There was his famous sky hook, a unique and devastating tool to win games and overwhelm opponents, and a life both scholarly and driven by curiosity over the past three decades.

But we’re just getting started here.

 

Kareem Abdul-Jabbar introduced in MilwaukeeKareem Abdul-Jabbar playing with Milwaukee Bucks

Everything that had come before had delivered Abdul-Jabbar, still known as Alcindor then, to the night of Oct. 18, 1969.

He was a 14-year-old in New York, making headlines for Power Memorial, when Chamberlain befriended him. At UCLA, he thrived working with traditional coach John Wooden while undergoing an awakening to civil rights issues of the late ’60s. After his final Bruins season, he became the prize of arguably the most impactful coin flip in the history of pro sports.

So it came to pass that on an autumn Saturday night, with only 7,782 in attendance at the Milwaukee Arena, Abdul-Jabbar made his NBA debut. And in his performance — 29 points, 12 rebounds, six assists against Walt Bellamy, an established All-Star center on his way to the Hall of Fame – the lanky giant put all his skills on display: Jumpers, bank shots, blocks, a steal, outlet passes to trigger the Bucks’ fast break and surgically finding cutters in traffic.

The Earth moved a little for the NBA that night.

Kareem Abdul-Jabbar vs Wilt ChamberlainThink of Wilt Chamberlain, you invariably think of Bill Russell. That’s how connected the two contemporaries were for 10 years as the game’s most famous, successful big men. Kareem, by contrast, never had that level of rival, due as much to his status above the rest as to the timing of his birth and career. Robert Parish? Dave Cowens? Moses Malone? Nah, never quite the same.

The fact is, for a while, Abdul-Jabbar and Chamberlain were rivals, despite an 11-year age gap. They wound up as acquaintances for 37 years before Wilt’s death in 1999. For some of that time, they were even friends.

On the court, their matchups captivated fans. They met 28 times in the regular season and playoffs, with each man’s team winning 14 games. They represented a clash of styles, of age, of cultural reference points. After games, they sometimes traded compliments, other times slights.

For their first meeting, Oct. 24, 1969, Warriors All-Star center Nate Thurmond was in the stands, traveling from San Francisco to scout the new kid Alcindor. He saw Wilt get 25 points and 25 rebounds against the younger man’s 23 and 20.

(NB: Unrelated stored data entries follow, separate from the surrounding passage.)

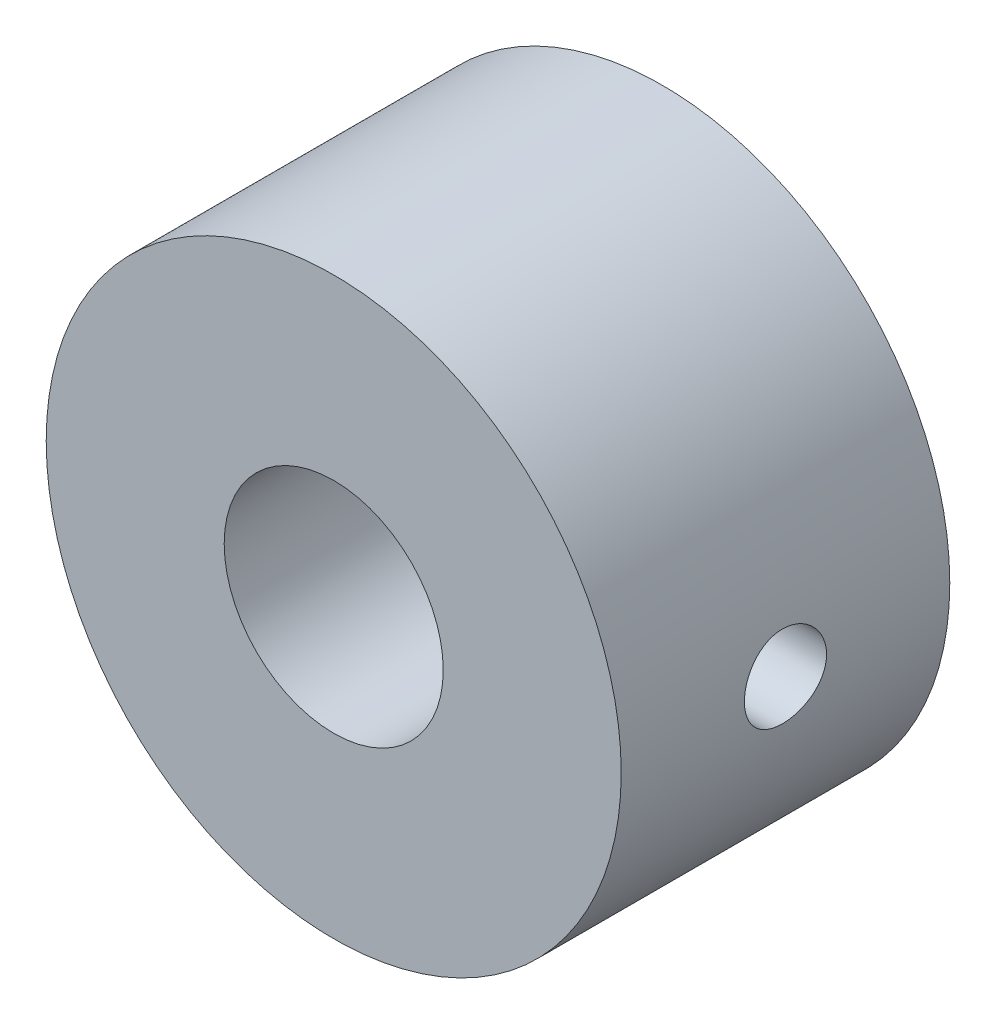
SolidWorks part; units mm, degrees
ref_plane "Front Plane" through (0, 0, 0) normal (0, 0, 1) x (1, 0, 0)
ref_plane "Top Plane" through (0, 0, 0) normal (0, 1, 0) x (1, 0, 0)
ref_plane "Right Plane" through (0, 0, 0) normal (1, 0, 0) x (0, 0, -1)
sketch "Sketch1" plane through (0, 0, 0) normal (0, 0, 1) x (1, 0, 0)
  circle A0 centre (0, 0) radius 10.5
  dimension "D1" = 21
extrude "Boss-Extrude1" add sketch "Sketch1" along normal blind 12
sketch "Sketch2" plane through (0, 0, 12) normal (0, 0, 1) x (1, 0, 0)
  circle A0 centre (0, 0) radius 4
  dimension "D1" = 8
extrude "Cut-Extrude1" cut sketch "Sketch2" against normal blind 15
sketch "Sketch3" plane through (0, 0, 0) normal (1, 0, 0) x (0, 0, -1)
  line L0 (-12, 0) -> (0, 0) construction
  line L1 (-12, 10.5) -> (-12, -10.5) construction
  line L2 (0, -10.5) -> (0, 10.5) construction
  circle A0 centre (-6, 0) radius 1.5
  dimension "D1" = 3
extrude "Cut-Extrude2" cut sketch "Sketch3" against normal through all both and the other way through all
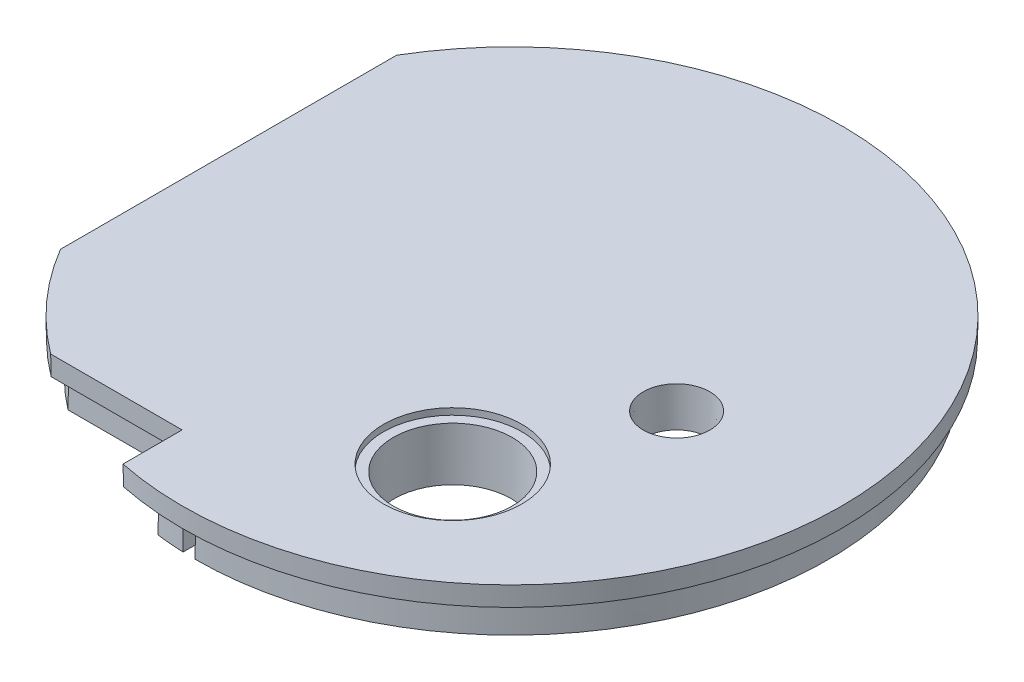
SolidWorks part; units mm, degrees
ref_plane "Front Plane" through (0, 0, 0) normal (0, 0, 1) x (1, 0, 0)
ref_plane "Top Plane" through (0, 0, 0) normal (0, 1, 0) x (1, 0, 0)
ref_plane "Right Plane" through (0, 0, 0) normal (1, 0, 0) x (0, 0, -1)
sketch "Sketch1" plane through (0, 0, 0) normal (0, 1, 0) x (1, 0, 0)
  line L0 (-43, 25.5147) -> (-43, -25.5147)
  line L1 (-30, -40) -> (-10, -40)
  line L2 (-10, -40) -> (-10, -48.9898)
  arc A0 (-43, -25.5147) -> (-30, -40) centre (0, 0) ccw
  arc A1 (-10, -48.9898) -> (-43, 25.5147) centre (0, 0) ccw
  dimension "D1" = 100
  dimension "D2" = 43
  dimension "D3" = 40
  dimension "D4" = 10
extrude "Boss-Extrude1" add sketch "Sketch1" along normal blind 3 draft 1 draft outward yes
sketch "Sketch2" plane through (0, 0, 0) normal (0, -1, 0) x (1, 0, 0)
  line L0 (-40.9781, 24.9959) -> (-40.9781, -24.9959)
  line L1 (-38.9781, 24.4276) -> (-38.9781, -24.4276)
  line L2 (-29.3258, 38) -> (-8, 38)
  line L4 (-28.6356, 36) -> (-8, 36)
  line L7 (-30, 40) -> (-10, 40) construction
  line L8 (-6, 45.607) -> (-6, 47.6235)
  line L10 (-8, -45.299) -> (-8, -47.3286)
  line L11 (-8, 38) -> (-8, 36)
  line L12 (-6, -45.607) -> (-6, -47.6235)
  line L13 (-2, 45.9565) -> (-2, 47.9583)
  line L14 (0, 46) -> (0, 48)
  line L15 (0, -46) -> (0, -48)
  line L16 (-2, -45.9565) -> (-2, -47.9583)
  arc A0 (-40.9781, -24.9959) -> (-8, -47.3286) centre (0, 0) ccw
  arc A1 (-38.9781, -24.4276) -> (-8, -45.299) centre (0, 0) ccw
  arc A2 (-29.3258, 38) -> (-40.9781, 24.9959) centre (0, 0) ccw
  arc A3 (-28.6356, 36) -> (-38.9781, 24.4276) centre (0, 0) ccw
  arc A4 (-2, 45.9565) -> (-6, 45.607) centre (0, 0) ccw
  arc A5 (-2, 47.9583) -> (-6, 47.6235) centre (0, 0) ccw
  arc A7 (-6, -45.607) -> (-2, -45.9565) centre (0, 0) ccw
  arc A8 (-6, -47.6235) -> (-2, -47.9583) centre (0, 0) ccw
  arc A9 (0, -48) -> (0, 48) centre (0, 0) ccw
  arc A10 (0, -46) -> (0, 46) centre (0, 0) ccw
  dimension "D1" = 96
  dimension "D2" = 92
  dimension "D3" = 2
  dimension "D4" = 2
  dimension "D7" = 2
extrude "Boss-Extrude2" add sketch "Sketch2" along normal blind 5 draft 1 draft outward yes
sketch "Sketch3" plane through (0, 0, 0) normal (0, -1, 0) x (1, 0, 0)
  line L0 (0, 0) -> (0, 55.6034) construction
  line L1 (0, 0) -> (17.6812, 0) construction
  circle A0 centre (25, 0) radius 5
  circle A1 centre (15, 24) radius 9
  dimension "D2" = 10
  dimension "D5" = 18
  dimension "D1" = 25
  dimension "D3" = 15
  dimension "D4" = 24
extrude "Cut-Extrude1" cut sketch "Sketch3" against normal blind 3 draft 1 draft outward yes
sketch "Sketch4" plane through (0, 0, 0) normal (0, -1, 0) x (1, 0, 0)
  circle A0 centre (25, 0) radius 8
  circle A1 centre (25, 0) radius 9
  circle A2 centre (25, 0) radius 5
  circle A3 centre (25, 0) radius 6
  dimension "D1" = 16
  dimension "D2" = 18
  dimension "D3" = 10
  dimension "D4" = 12
extrude "Boss-Extrude3" add sketch "Sketch4" along normal blind 3 draft 1 contours A0 | A1 draft outward yes
extrude "Boss-Extrude4" add sketch "Sketch4<3>" along normal blind 3 draft 1 contours A2 | A3 draft outward yes
sketch "Sketch4<3>" plane through (0, 0, 0) normal (0, -1, 0) x (1, 0, 0) same geometry as "Sketch4"
sketch "Sketch6" plane through (0, 0, 0) normal (0, -1, 0) x (1, 0, 0)
  circle A0 centre (15, 24) radius 9
  circle A1 centre (15, 24) radius 10.5
  dimension "D1" = 21
extrude "Boss-Extrude5" add sketch "Sketch6" along normal blind 6 draft 1 draft outward yes
sketch "Sketch7" plane through (0, 3, 0) normal (0, 1, 0) x (1, 0, 0)
  circle A0 centre (15, -24) radius 10.5
  circle A1 centre (15, -24) radius 9
  dimension "D1" = 21
  dimension "D2" = 18
extrude "Cut-Extrude2" cut sketch "Sketch7" against normal blind 1 draft 1 draft outward yes

When Chamberlain and the Lakers set the record in 1971-72 with 33 consecutive victories, it was Abdul-Jabbar’s and the Bucks’ mark of 20 set the previous season that they smashed. And when that 33-gamer ended, it was Milwaukee and its center doing the snapping.

When their squads met in the 1972 West finals, the Lakers on their way to a series victory and the NBA championship, Milwaukee fans gave Chamberlain a standing ovation as he exited the finale.

And so it went for two legends who would go nose-to-nose without really seeing eye-to-eye.

Archive 75: Kareem Abdul-JabbarThe second half of the 1970s qualify as Abdul-Jabbar’s “lost” years. It was odd, too, because this was prime Kareem, ages 27 to 31.

He had pushed for and gotten his trade from Milwaukee in June 1975, landing back in Los Angeles two years after Chamberlain vacated the Lakers’ center position. Physically, he should have been at the peak of his powers.

Yet over five years, his teams – the Bucks in 1974-75, the Lakers after that – finished fourth, fourth, first, fourth and third in their division. They missed the playoffs twice, advanced beyond the first round only twice and never reached The Finals.

Abdul-Jabbar won two of his MVP awards in that run, in 1976 and ’77, and went to four more All-Star Games. He missed in 1978, a troubled season all around. It began when he punched Milwaukee’s Kent Benson on opening night and fractured his hand, costing him nearly seven weeks before he played again. He posted his lowest scoring (25.8) and rebounding (12.8) averages to date in nine NBA seasons, perfectly fine numbers for almost anyone but him.

He had off-the-court issues related to his religion and his relationships, and from the looks of it, his pilot light as a great NBA player was flickering.

Red Auerbach, Boston’s cigar-smoking coach and GM, was a tough critic, especially of opponents. He and his players bled Celtics green — earlier versions of Tommy Lasorda and Dodgers blue — and Auerbach publicly praised others grudgingly.

Auerbach did have to make peace with some of those opposing players for a series of instructional videos, “Red on Roundball,” that aired at halftime of network games in the 1970s and ’80s. In an episode featuring Abdul-Jabbar, the feisty Celtics boss didn’t hesitate when he called the Bucks center “the greatest offensive threat in the history of basketball.”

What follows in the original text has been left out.